For anyone currently whiling away their time at a beach (with a laptop and Internet connection, I guess), this question might occur to you. How do gulls, those birds so adept at stealing your sandwich or even invading your hotel room through an open balcony, drink saltwater?
Gulls, and many other charadriiform birds, have supraorbital glands (also called nasal or salt glands) that help regulate the ionic balance of their blood, according to Britannica Online. While some salt is processed by the kidneys, the excess runs through the glands, which are positioned in grooves of the skull, and trickles out through the nostrils. Other animals also have salt glands, including sea turtles, crocodiles (crocodile tears) and sharks.
Interestingly however, saltwater isn’t the gulls’ drink of choice. If they have the opportunity, or if they’re trying to conserve energy, they’ll stick to easier-to-process freshwater. It got me thinking about our own versions of salt glands — no, certainly not our kidneys, they’re lightweights when it comes to salt. I’m thinking of desalination plants, energy-intensive operations that turn saltwater into fresh.

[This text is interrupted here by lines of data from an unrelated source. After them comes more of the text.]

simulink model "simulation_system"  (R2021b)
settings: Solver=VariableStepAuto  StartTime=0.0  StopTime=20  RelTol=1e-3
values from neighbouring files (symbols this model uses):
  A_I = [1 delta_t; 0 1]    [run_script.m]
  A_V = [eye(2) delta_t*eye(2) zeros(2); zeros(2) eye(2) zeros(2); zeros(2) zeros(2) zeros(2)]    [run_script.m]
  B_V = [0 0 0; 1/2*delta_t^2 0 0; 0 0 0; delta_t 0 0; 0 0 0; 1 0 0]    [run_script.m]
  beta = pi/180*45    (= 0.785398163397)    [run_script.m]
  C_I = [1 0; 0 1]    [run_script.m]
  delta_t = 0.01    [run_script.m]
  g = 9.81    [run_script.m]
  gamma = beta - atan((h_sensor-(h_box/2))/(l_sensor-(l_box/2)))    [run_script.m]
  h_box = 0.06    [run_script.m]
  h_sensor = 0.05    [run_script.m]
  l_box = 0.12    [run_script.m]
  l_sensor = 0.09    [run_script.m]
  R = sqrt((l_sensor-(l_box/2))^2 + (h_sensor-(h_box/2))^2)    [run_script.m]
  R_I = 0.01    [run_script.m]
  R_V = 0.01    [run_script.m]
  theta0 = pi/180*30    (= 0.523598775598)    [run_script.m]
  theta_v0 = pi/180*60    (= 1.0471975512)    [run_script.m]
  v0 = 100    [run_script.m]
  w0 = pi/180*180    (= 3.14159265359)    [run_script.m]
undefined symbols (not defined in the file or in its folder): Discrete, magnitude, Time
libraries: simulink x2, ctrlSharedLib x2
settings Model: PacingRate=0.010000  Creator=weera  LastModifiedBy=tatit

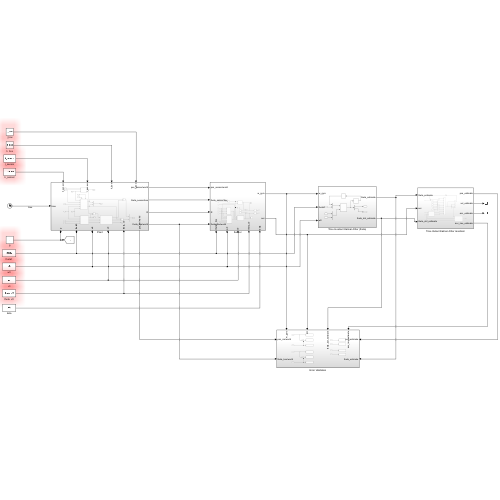
[thumbnail: Simulink's stored preview of the top-level diagram]
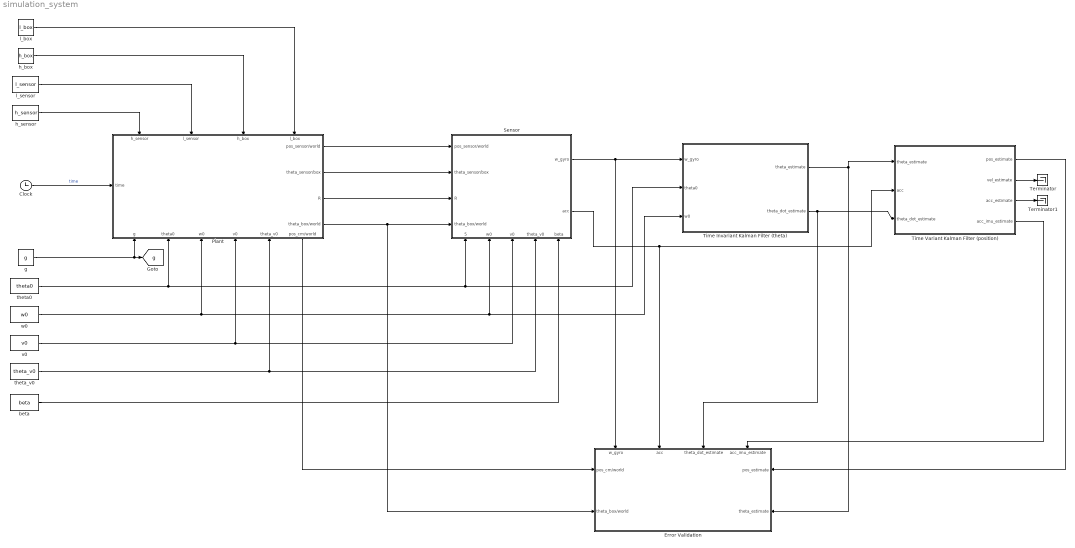
== system simulation_system ==
  Clock : Clock
  Error Validation : Subsystem
      settings: PortSchema="{\"entries\":[{\"content\":{\"sides\":[{\"content\":{\"connectorIds\":[\"In1\",\"In2\"]},\"type\":\"ConnectorPlacement.EquallySpacedRectSide\",\"uuid\":\"96552a51-5eda-48f2-b081-41a732fe48df\"},{\"content\":{\"connectorIds\":[\"In7\",\"In8\"],\"side\":\"RIGHT\"},\"type\":\"ConnectorPlacement.EquallySpacedRectSide\",\"uuid\":\"9cc494bd-ce2e-4138-b170-4221ad10e59b\"},{\"content\":{\"connectorIds\":[\"In3\",\"In4\",\"In5\",\"In6\"],\"side\":\"TOP\"},\"type\":\"ConnectorPlacement.EquallySpacedRectSide\",\"uuid\":\"1d6fc715-fb79-4b7c-a17b-0ee5669a0c4a\"}]},\"type\":\"ConnectorPlacement.EquallySpacedConnector\",\"uuid\":\"9502b703-534c-48a9-9cfa-952e8451935e\"}],\"packageUris\":[\"http://schema.mathworks.com/mf0/Connector/R2020b\"],\"version\":\"1.0\"}"
  Plant : Subsystem
      settings: PortSchema="{\"entries\":[{\"content\":{\"sides\":[{\"content\":{\"connectorIds\":[\"In1\"]},\"type\":\"ConnectorPlacement.EquallySpacedRectSide\",\"uuid\":\"b3500672-af78-425f-83aa-1ce7e56cb401\"},{\"content\":{\"connectorIds\":[\"Out1\",\"Out2\",\"Out3\",\"Out4\"],\"side\":\"RIGHT\"},\"type\":\"ConnectorPlacement.EquallySpacedRectSide\",\"uuid\":\"baf3546a-67aa-4774-be2f-5a09aa43a81d\"},{\"content\":{\"connectorIds\":[\"In2\",\"In3\",\"In4\",\"In5\"],\"side\":\"TOP\"},\"type\":\"ConnectorPlacement.EquallySpacedRectSide\",\"uuid\":\"50adaed3-2c22-42a3-879b-4acb6940e21d\"},{\"content\":{\"connectorIds\":[\"In6\",\"In7\",\"In8\",\"In9\",\"In10\",\"Out5\"],\"side\":\"BOTTOM\"},\"type\":\"ConnectorPlacement.EquallySpacedRectSide\",\"uuid\":\"949445ea-1514-4232-a9d9-9683cdf7bffb\"}]},\"type\":\"ConnectorPlacement.EquallySpacedConnector\",\"uuid\":\"04a60e30-ff30-4ae8-9de5-3960ac57b329\"}],\"packageUris\":[\"http://schema.mathworks.com/mf0/Connector/R2020b\"],\"version\":\"1.0\"}"
  Sensor : Subsystem
      settings: PortSchema="{\"entries\":[{\"content\":{\"sides\":[{\"content\":{\"connectorIds\":[\"In1\",\"In2\",\"In3\",\"In4\"]},\"type\":\"ConnectorPlacement.EquallySpacedRectSide\",\"uuid\":\"99dcf2dc-90d8-428d-bebb-7a29ab25214b\"},{\"content\":{\"connectorIds\":[\"Out1\",\"Out2\"],\"side\":\"RIGHT\"},\"type\":\"ConnectorPlacement.EquallySpacedRectSide\",\"uuid\":\"d6baf0b9-25ad-458f-bbbb-ef6e13ab1b69\"},{\"content\":{\"connectorIds\":[],\"side\":\"TOP\"},\"type\":\"ConnectorPlacement.EquallySpacedRectSide\",\"uuid\":\"34be9477-094b-465e-852f-8db332179b98\"},{\"content\":{\"connectorIds\":[\"In5\",\"In6\",\"In7\",\"In8\",\"In9\"],\"side\":\"BOTTOM\"},\"type\":\"ConnectorPlacement.EquallySpacedRectSide\",\"uuid\":\"fd6fca9d-a9e0-4c91-a866-8f96967dddac\"}]},\"type\":\"ConnectorPlacement.EquallySpacedConnector\",\"uuid\":\"600f5c00-2452-40d2-aeae-890b2a26022c\"}],\"packageUris\":[\"http://schema.mathworks.com/mf0/Connector/R2020b\"],\"version\":\"1.0\"}"
  Terminator : Terminator
  Terminator1 : Terminator
  Time Invariant Kalman Filter (theta) : Subsystem
  Time Variant Kalman Filter (position) : Subsystem
  beta : Constant  Value=beta
  g : Constant  Value=g
  h_box : Constant  Value=h_box
  h_sensor : Constant  Value=h_sensor
  l_box : Constant  Value=l_box
  l_sensor : Constant  Value=l_sensor
  theta0 : Constant  Value=theta0
  theta_v0 : Constant  Value=theta_v0
  v0 : Constant  Value=v0
  w0 : Constant  Value=w0
  tag scope: g=global
  wires:
  Clock/1 -> Plant/1(time)  "time"
  h_box/1 -> Plant/4(h_box)
  l_box/1 -> Plant/5(l_box)
  g/1 -> Plant/6(g), [g]
  theta0/1 -> Time Invariant Kalman Filter (theta)/2(theta0), Sensor/5(theta0_box), Plant/7(theta0)
  w0/1 -> Time Invariant Kalman Filter (theta)/3(w0), Sensor/6(w0), Plant/8(w0)
  v0/1 -> Sensor/7(v0), Plant/9(v0)
  theta_v0/1 -> Sensor/8(theta_v0), Plant/10(theta_v0)
  h_sensor/1 -> Plant/2(h_sensor)
  l_sensor/1 -> Plant/3(l_sensor)
  beta/1 -> Sensor/9(beta)
  Plant/1(pos_sensor/world) -> Sensor/1(pos_sensor/world)
  Plant/5(pos_cm/world) -> Error Validation/1(pos_cm/world)
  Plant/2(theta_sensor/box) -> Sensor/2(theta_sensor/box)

A while back, Scientific American published a special edition on energy vs. water — two of our biggest resource problems. One hazy topic in the article was desalination plants. They transform what seems like an endless but undrinkable resource into something potable, but they sure use a lot of energy in the process. It doesn’t help that our basic water demands are compounded by the two biggest freshwater consumers: agriculture and power plants (water cools coal, oil, natural gas and uranium plants alike). With such environmental baggage, it’s no wonder you’ll see plans for desalination plants appear and disappear as citizens protest, local leadership changes or summer gets awfully dry.